Exercise directions:
Begin with the line below holding "## EAGLE design OSH Park Files - Lost Boards/Drv 10983" and go on through the line holding "BLACK: 104188-0110", duplicating each line exactly and leaving out pictures.

Dataset records:

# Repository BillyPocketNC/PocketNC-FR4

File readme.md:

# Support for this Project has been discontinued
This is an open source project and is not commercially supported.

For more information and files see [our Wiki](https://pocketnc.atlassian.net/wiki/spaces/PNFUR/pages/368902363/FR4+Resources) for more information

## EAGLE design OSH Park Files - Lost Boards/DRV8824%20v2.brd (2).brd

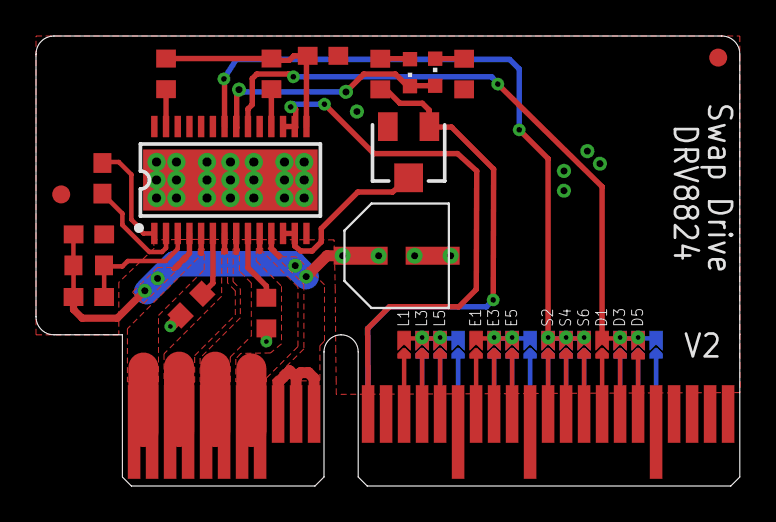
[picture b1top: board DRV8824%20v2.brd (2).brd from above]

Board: 2 copper layers, 39.1 x 25.0 mm, 19 parts (0 on the bottom side), 22 nets.

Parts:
BLU1: CHIPLED_0603
C3: 4.7uf; C0603
C9: .01uf; C0603
C10, C11: .1uf; C0603
DRV8824: DRV8824; HTSSOP-28
GRN1: CHIPLED_0603
R1, R9: 460; R0603
R2, R3: 10k; R0603
R4: .33 ohm; R0603
R5: .33ohm; R0603
R6: 1m; R0603
R22: 10K; TRIMPOT-3MM-2
U$2: PCIE_64_SMART_BOARD
U$7: EEEFK0J220R
U$9, U$12: FIDUCIAL; FIDUCIAL_1MM

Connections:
3.3V: C3.1, DRV8824.15, R2.2, R3.2
3V: R1.2, R22.1, U$2.P$12
5V: DRV8824.16, DRV8824.17, U$2.P$44
DIR: DRV8824.20, U$2.P$57@1
ENBL: BLU1.A, DRV8824.21, GRN1.C
GND: C3.2, C10.2, DRV8824.14, DRV8824.28, DRV8824.GND@10, DRV8824.GND@11, DRV8824.GND@12, DRV8824.GND@13, DRV8824.GND@14, DRV8824.GND@15, DRV8824.GND@16, DRV8824.GND@17, DRV8824.GND@18, DRV8824.GND@19, DRV8824.GND@20, DRV8824.GND@21, DRV8824.GND@22, DRV8824.GND@23, DRV8824.GND@24, DRV8824.GND@25, DRV8824.GND@26, DRV8824.GND@27, DRV8824.GND@28, DRV8824.GND@29, DRV8824.GND@30, DRV8824.GND@PAD, R4.1, R5.1, R9.2, R22.3, U$2.GND@1, U$2.GND@2, U$2.GND@3, U$2.P$13, U$2.P$25, U$2.P$49, U$2.P$53, U$2.P$60, U$7.GND@1, U$7.GND@2, U$7.GND@3
unnamed: C9.2, DRV8824.1
unnamed: C9.1, DRV8824.2
unnamed: DRV8824.18, R2.1
unnamed: DRV8824.9, R5.2
unnamed: DRV8824.6, R4.2
unnamed: BLU1.C, R9.1
unnamed: GRN1.A, R1.1
unnamed: DRV8824.12, DRV8824.13, R22.2
unnamed: DRV8824.27, R3.1
PHASE1: DRV8824.5, U$2.P$33, U$2.P$34
PHASE2: DRV8824.7, U$2.P$35, U$2.P$36
PHASE3: DRV8824.8, U$2.P$37, U$2.P$38
PHASE4: DRV8824.10, U$2.P$39, U$2.P$40
STEP: DRV8824.22, U$2.P$22@1
VCC: C10.1, C11.1, DRV8824.4, DRV8824.11, R6.1, U$2.VCC@1, U$2.VCC@2, U$2.VCC@3, U$7.P$1, U$7.P$3, U$7.P$5
VCP: C11.2, DRV8824.3, R6.2

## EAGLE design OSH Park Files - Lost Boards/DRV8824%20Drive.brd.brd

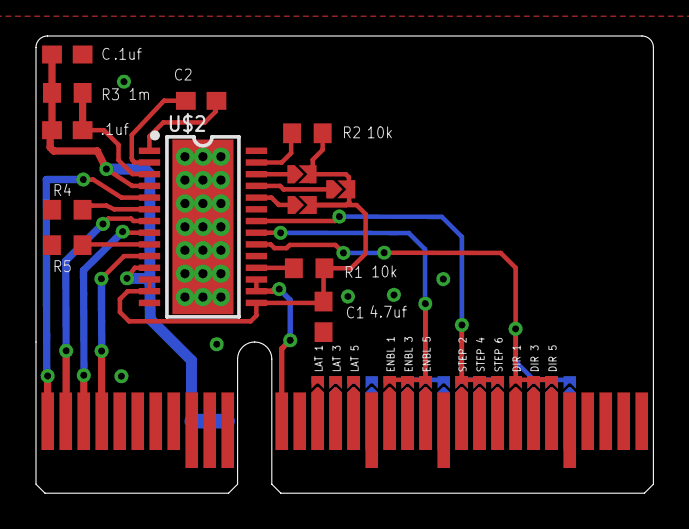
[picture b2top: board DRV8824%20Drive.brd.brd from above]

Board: 2 copper layers, 34.3 x 25.4 mm, 14 parts (0 on the bottom side), 22 nets.

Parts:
10NF2: .1uf; C0603
C: .1uf; C0603
C1: 4.7uf; C0603
C2: .01uf; C0603
R1, R2: 10k; R0603
R3: 1m; R0603
R4, R5: R0603
U$1: PCIE_64_SMART_BOARD
U$2: DRV8824; HTSSOP-28
U$3, U$4, U$5: SELECTIVE_CONNECT

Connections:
3.3V: C1.1, U$2.12, U$2.13, U$2.15
3V: R1.2, R2.2, U$3.P$2, U$4.P$2, U$5.P$2
5V: U$1.P$44, U$2.16, U$2.17
A1: U$1.P$33, U$2.5
A2: U$1.P$34, U$2.7
B1: U$1.P$36, U$2.10
B2: U$1.P$35, U$2.8
DIR: U$1.P$26@1, U$1.P$27@1, U$1.P$28@1, U$1.P$57@1, U$1.P$58@1, U$1.P$59@1, U$2.20
ENBL: U$1.P$19@1, U$1.P$20@1, U$1.P$21@1, U$1.P$50@1, U$1.P$51@1, U$1.P$52@1, U$2.21
GND: C.2, C1.2, R4.1, R5.1, U$1.GND@1, U$1.GND@2, U$1.GND@3, U$1.P$13, U$1.P$25, U$1.P$49, U$1.P$53, U$1.P$60, U$2.14, U$2.28, U$2.GND@10, U$2.GND@11, U$2.GND@12, U$2.GND@13, U$2.GND@14, U$2.GND@15, U$2.GND@16, U$2.GND@17, U$2.GND@18, U$2.GND@19, U$2.GND@20, U$2.GND@21, U$2.GND@22, U$2.GND@23, U$2.GND@24, U$2.GND@25, U$2.GND@26, U$2.GND@27, U$2.GND@28, U$2.GND@29, U$2.GND@30, U$2.GND@PAD
unnamed: C2.2, U$2.1
unnamed: C2.1, U$2.2
unnamed: R5.2, U$2.9
unnamed: R1.1, U$2.18
unnamed: R4.2, U$2.6
unnamed: R2.1, U$2.27
unnamed: U$2.26, U$3.P$1
unnamed: U$2.25, U$4.P$1
unnamed: U$2.24, U$5.P$1
STEP: U$1.P$22@1, U$1.P$23@1, U$1.P$24@1, U$1.P$54@1, U$1.P$55@1, U$1.P$56@1, U$2.22
VCC: 10NF2.1, C.1, R3.1, U$1.P$9, U$1.P$10, U$1.P$11, U$2.4, U$2.11
VCP: 10NF2.2, R3.2, U$2.3

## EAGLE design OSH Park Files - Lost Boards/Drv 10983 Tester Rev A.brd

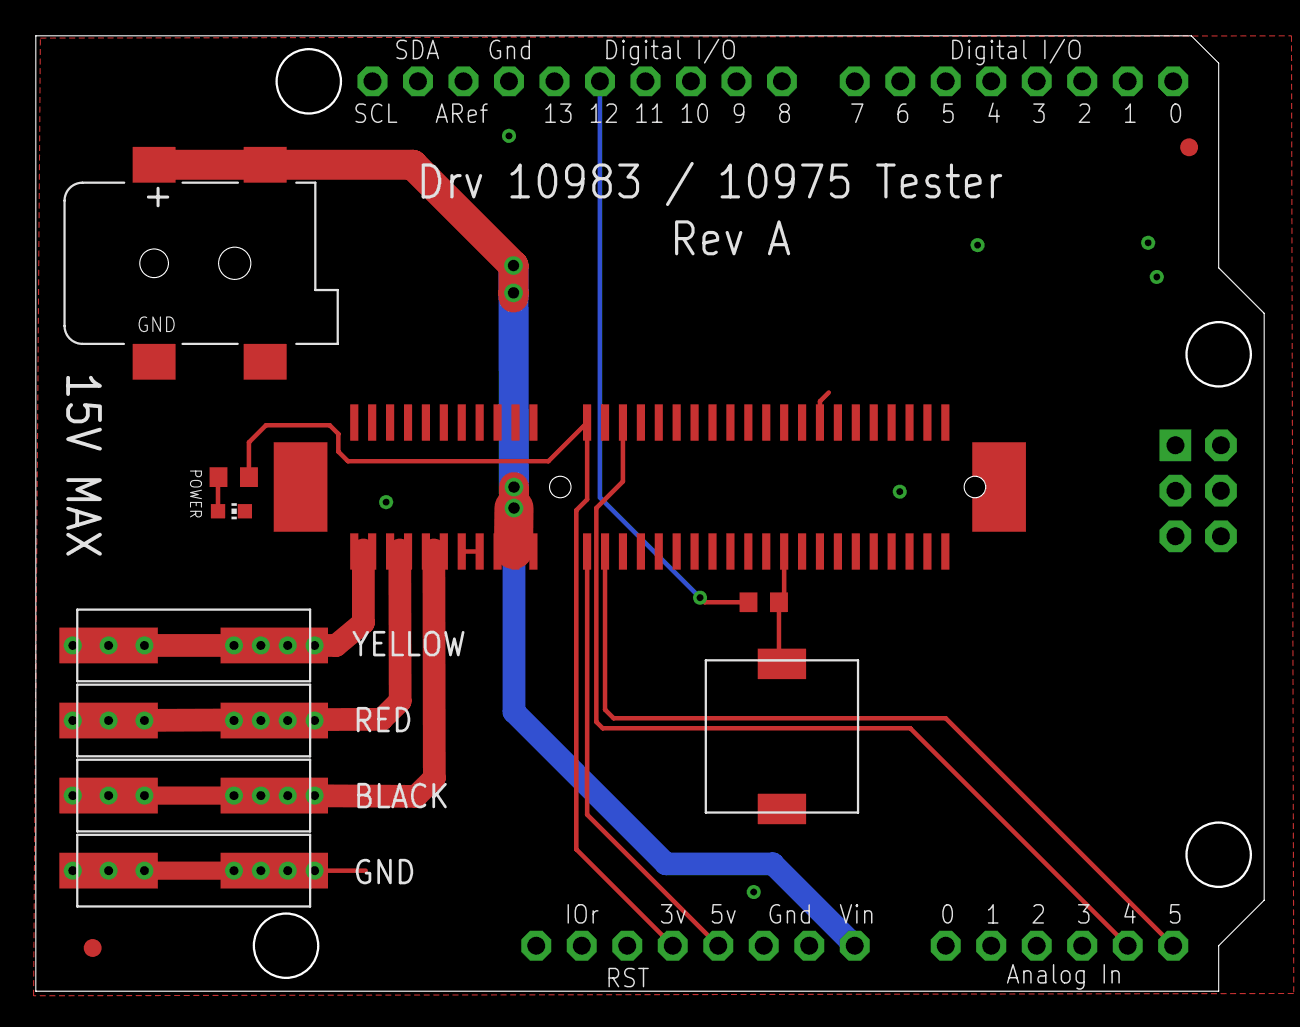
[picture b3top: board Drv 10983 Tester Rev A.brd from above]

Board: 2 copper layers, 68.5 x 53.2 mm, 13 parts (0 on the bottom side), 13 nets.

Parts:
BLACK: 104188-0110
CN1: DCJACK_2MM_SMT
GND: 104188-0110
M2: ARDUINO_R3_ICSP; ARDUINOR3_ICSP
POWER: CHIP-LED0603
R1: 460; R0603
R2: 220; R0603
RED: 104188-0110
U$1: 10061913-101CLF; 10076266-100CLF
U$2, U$3: FIDUCIAL; FIDUCIAL_1MM
U$4: BUTTON_SKSTAAE010
YELLOW: 104188-0110

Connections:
3V: M2.3V, R1.1, U$1.P$12
5V: M2.5V, U$1.P$44
ENBL: R2.1, U$1.P$55, U$4.P$1
GND: CN1.GND, CN1.GNDBREAK, GND.1@1, M2.GND, M2.GND@1, M2.GND@3, POWER.C, U$1.P$9, U$1.P$10, U$1.P$11, U$1.P$13, U$1.P$25, U$1.P$49, U$1.P$53, U$1.P$60, U$4.P$2
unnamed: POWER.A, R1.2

Written solution:
## EAGLE design OSH Park Files - Lost Boards/Drv 10983 Tester Rev A.brd

[picture b3top: board Drv 10983 Tester Rev A.brd from above]

Board: 2 copper layers, 68.5 x 53.2 mm, 13 parts (0 on the bottom side), 13 nets.

Parts:
BLACK: 104188-0110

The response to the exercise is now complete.